In the non-activated state of the valve, the phase-change material closes at least one passage channel of the closure. In other words, this means that the closure has one or a plurality of passage channels in which, in the non-activated state, the solid phase-change material is arranged. After activating the valve, the fluid contained in the fluid lines flows through the passage channel or channels for venting the technical system.
According to an advantageous configuration, a wall of the at least one passage channel, in a longitudinal section through the closure or through the evacuation valve, is formed to be conical or stepped at least in sections so that the material is pressed against the wall by the pressure prevailing in the technical system. This ensures that the pressure prevailing during the operation of the technical system cannot displace the sealing phase-change material when the evacuation valve is not activated, which otherwise could result in leakages of the technical system.
In a further configuration, the outlet has an outlet nozzle that has at least one opening, wherein the outlet nozzle protrudes into a volume of the valve, which volume is arranged between the passage and the outlet, wherein the material that is liquefied by activation can be absorbed by the volume, and the at least one opening of the outlet nozzle is fluidically connected to the inlet by passing through the passage. Here, the at least one opening is connected to an exit of the outlet. The volume formed in the housing of the valve thus is dimensioned in terms of its size in such a manner that the material that changes its phase state during heating can be completely absorbed by said volume. At the same time, the outlet nozzle is arranged in the volume in such a manner that the at least one opening of the outlet nozzle is not closed by the phase-change material, and the connection between the inlet of the evacuation valve and the outlet of the evacuation valve is therefore ensured.
The outlet can be formed such that it has at its exit a tube for connecting. Alternatively, the outlet can comprise a nozzle at its exit. The nozzle can be connected here as a separate component to the outlet of the evacuation valve. Likewise, the outlet of the evacuation valve can be configured such that the exit of the outlet has the shape of a nozzle. In a further variant, the outlet can comprise at its exit a plurality of outlets which enables the fluid to discharge symmetrically, in particular along a longitudinal axis of the evacuation valve. This ensures that during discharging of the fluid, no thrust vector or no moment is generated that acts on the technical system, for example, a satellite or a spacecraft. Such an arrangement is also designated as “zero-force-outlet”.
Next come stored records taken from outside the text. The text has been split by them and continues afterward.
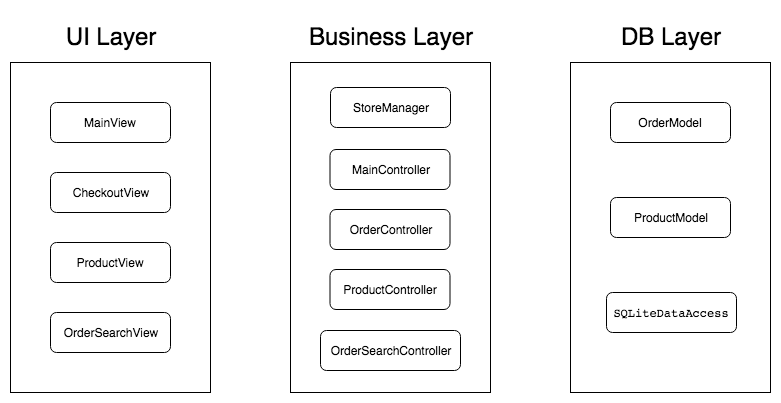

The diagram above was exported from draw.io. Its source (the exported page's mxGraphModel, read from the mxfile embedded in the PNG):
<mxGraphModel dx="920" dy="441" grid="1" gridSize="10" guides="1" tooltips="1" connect="1" arrows="1" fold="1" page="1" pageScale="1" pageWidth="1100" pageHeight="1700" math="0" shadow="0">
  <root>
    <mxCell id="0" />
    <mxCell id="1" parent="0" />
    <mxCell id="TO-W2jJlrVUcomInF6OA-1" value="" style="rounded=0;whiteSpace=wrap;html=1;" parent="1" vertex="1">
      <mxGeometry x="170" y="80" width="200" height="330" as="geometry" />
    </mxCell>
    <mxCell id="TO-W2jJlrVUcomInF6OA-2" value="" style="rounded=0;whiteSpace=wrap;html=1;" parent="1" vertex="1">
      <mxGeometry x="450" y="80" width="200" height="330" as="geometry" />
    </mxCell>
    <mxCell id="TO-W2jJlrVUcomInF6OA-3" value="" style="rounded=0;whiteSpace=wrap;html=1;" parent="1" vertex="1">
      <mxGeometry x="730" y="80" width="200" height="330" as="geometry" />
    </mxCell>
    <mxCell id="TO-W2jJlrVUcomInF6OA-4" value="&lt;font style=&quot;font-size: 24px&quot;&gt;UI Layer&lt;/font&gt;" style="text;html=1;strokeColor=none;fillColor=none;align=center;verticalAlign=middle;whiteSpace=wrap;rounded=0;" parent="1" vertex="1">
      <mxGeometry x="210" y="28" width="120" height="52" as="geometry" />
    </mxCell>
    <mxCell id="TO-W2jJlrVUcomInF6OA-5" value="&lt;font style=&quot;font-size: 24px&quot;&gt;Business Layer&lt;/font&gt;" style="text;html=1;strokeColor=none;fillColor=none;align=center;verticalAlign=middle;whiteSpace=wrap;rounded=0;" parent="1" vertex="1">
      <mxGeometry x="459.5" y="28" width="180" height="52" as="geometry" />
    </mxCell>
    <mxCell id="TO-W2jJlrVUcomInF6OA-6" value="&lt;font style=&quot;font-size: 24px&quot;&gt;DB Layer&lt;/font&gt;" style="text;html=1;strokeColor=none;fillColor=none;align=center;verticalAlign=middle;whiteSpace=wrap;rounded=0;" parent="1" vertex="1">
      <mxGeometry x="770" y="28" width="120" height="52" as="geometry" />
    </mxCell>
    <mxCell id="TO-W2jJlrVUcomInF6OA-7" value="MainView" style="rounded=1;whiteSpace=wrap;html=1;" parent="1" vertex="1">
      <mxGeometry x="210" y="120" width="120" height="40" as="geometry" />
    </mxCell>
    <mxCell id="TO-W2jJlrVUcomInF6OA-8" value="CheckoutView" style="rounded=1;whiteSpace=wrap;html=1;" parent="1" vertex="1">
      <mxGeometry x="210" y="190" width="120" height="40" as="geometry" />
    </mxCell>
    <mxCell id="TO-W2jJlrVUcomInF6OA-9" value="ProductView" style="rounded=1;whiteSpace=wrap;html=1;" parent="1" vertex="1">
      <mxGeometry x="210" y="260" width="120" height="40" as="geometry" />
    </mxCell>
    <mxCell id="TO-W2jJlrVUcomInF6OA-10" value="OrderController" style="rounded=1;whiteSpace=wrap;html=1;" parent="1" vertex="1">
      <mxGeometry x="489.5" y="227" width="120" height="40" as="geometry" />
    </mxCell>
    <mxCell id="TO-W2jJlrVUcomInF6OA-11" value="ProductController" style="rounded=1;whiteSpace=wrap;html=1;" parent="1" vertex="1">
      <mxGeometry x="489.5" y="287" width="120" height="40" as="geometry" />
    </mxCell>
    <mxCell id="TO-W2jJlrVUcomInF6OA-13" value="OrderModel" style="rounded=1;whiteSpace=wrap;html=1;" parent="1" vertex="1">
      <mxGeometry x="770" y="120" width="120" height="40" as="geometry" />
    </mxCell>
    <mxCell id="TO-W2jJlrVUcomInF6OA-14" value="&lt;pre&gt;SQLiteDataAccess&lt;/pre&gt;" style="rounded=1;whiteSpace=wrap;html=1;" parent="1" vertex="1">
      <mxGeometry x="766" y="310" width="130" height="40" as="geometry" />
    </mxCell>
    <mxCell id="TO-W2jJlrVUcomInF6OA-15" value="ProductModel" style="rounded=1;whiteSpace=wrap;html=1;" parent="1" vertex="1">
      <mxGeometry x="770" y="215" width="120" height="40" as="geometry" />
    </mxCell>
    <mxCell id="TO-W2jJlrVUcomInF6OA-28" value="StoreManager" style="rounded=1;whiteSpace=wrap;html=1;" parent="1" vertex="1">
      <mxGeometry x="490" y="105" width="120" height="40" as="geometry" />
    </mxCell>
    <mxCell id="NVPjFhJNylsbGfoDPj1M-1" value="OrderSearchView" style="rounded=1;whiteSpace=wrap;html=1;" vertex="1" parent="1">
      <mxGeometry x="210" y="330" width="120" height="40" as="geometry" />
    </mxCell>
    <mxCell id="NVPjFhJNylsbGfoDPj1M-2" value="OrderSearchController" style="rounded=1;whiteSpace=wrap;html=1;" vertex="1" parent="1">
      <mxGeometry x="480" y="348" width="140" height="40" as="geometry" />
    </mxCell>
    <mxCell id="NVPjFhJNylsbGfoDPj1M-3" value="MainController" style="rounded=1;whiteSpace=wrap;html=1;" vertex="1" parent="1">
      <mxGeometry x="489.5" y="167" width="120" height="40" as="geometry" />
    </mxCell>
  </root>
</mxGraphModel>

For limiting the fluid flow rate when the valve is open, an orifice can be arranged between the inlet and the closure. This orifice limits the cross-section through which the fluid can flow during venting of the technical system. Corresponding to this, alternatively or additionally, an orifice for limiting the fluid flow rate can also be arranged between the outlet and the closure.
When reference to a fluid is made in the present description, this is to be understood as both a liquid medium and a gaseous medium, for example, a fuel.
The technical system involves in particular a spacecraft component that comprises an evacuation valve that is configured as described above. Here, as long as the valve is not open, the medium in the technical component is typically pressurized.